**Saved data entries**
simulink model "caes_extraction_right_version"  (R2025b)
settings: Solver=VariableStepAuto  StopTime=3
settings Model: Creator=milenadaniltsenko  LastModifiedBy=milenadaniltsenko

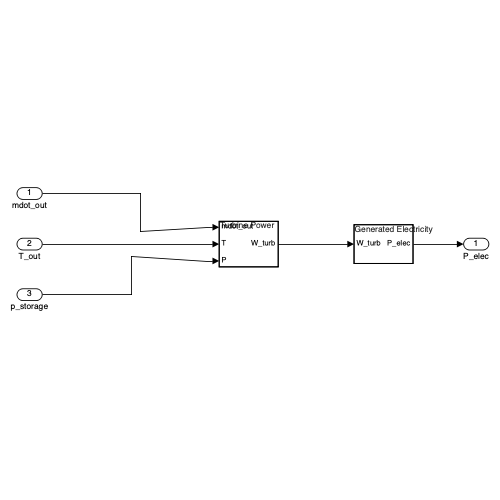
[thumbnail: Simulink's stored preview of the top-level diagram]
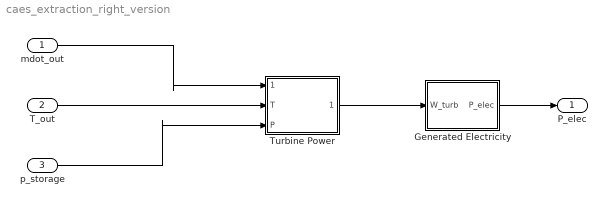
== system caes_extraction_right_version ==
  mdot_out : Inport
  T_out : Inport  Port=2
  p_storage : Inport  Port=3
  Generated Electricity : MATLAB Function  TreatAsAtomicUnit=on
  Turbine Power : MATLAB Function  TreatAsAtomicUnit=on
  P_elec : Outport
  wires:
  mdot_out/1 -> Turbine Power/1(mdot_out)
  Turbine Power/1(W_turb) -> Generated Electricity/1(W_turb)
  Generated Electricity/1(P_elec) -> P_elec/1
  T_out/1 -> Turbine Power/2(T)
  p_storage/1 -> Turbine Power/3(P)

== matlab function caes_extraction_right_version/Generated Electricity ==
  data: W_turb input; P_elec output
function P_elec = generator(W_turb)
    n_gen = 0.95; 
    P_elec = W_turb * n_gen;
end

== matlab function caes_extraction_right_version/Turbine Power ==
  data: mdot_out input; W_turb output; T input; P input
function W_turb = turbine(mdot_out, T, P)
    % Constants
    Cp = 1005;
    Patm = 101325;
    gamma = 1.4;
    n_turb = 0.8; %efficiency of the turbine

    if P <= Patm %if pressure is too low, then turbine does not generate power
        W_turb = 0;
    else
        % Isentropic expansion power formula
        expansion_ratio = (Patm / P)^((gamma - 1) / gamma);
        W_turb = mdot_out * Cp * T * n_turb * (1 - expansion_ratio);
    end
end

**About this exercise**
Reproduce every line above containing "Electricity".

**Written answer**
  Generated Electricity : MATLAB Function  TreatAsAtomicUnit=on
  Turbine Power/1(W_turb) -> Generated Electricity/1(W_turb)
  Generated Electricity/1(P_elec) -> P_elec/1
== matlab function caes_extraction_right_version/Generated Electricity ==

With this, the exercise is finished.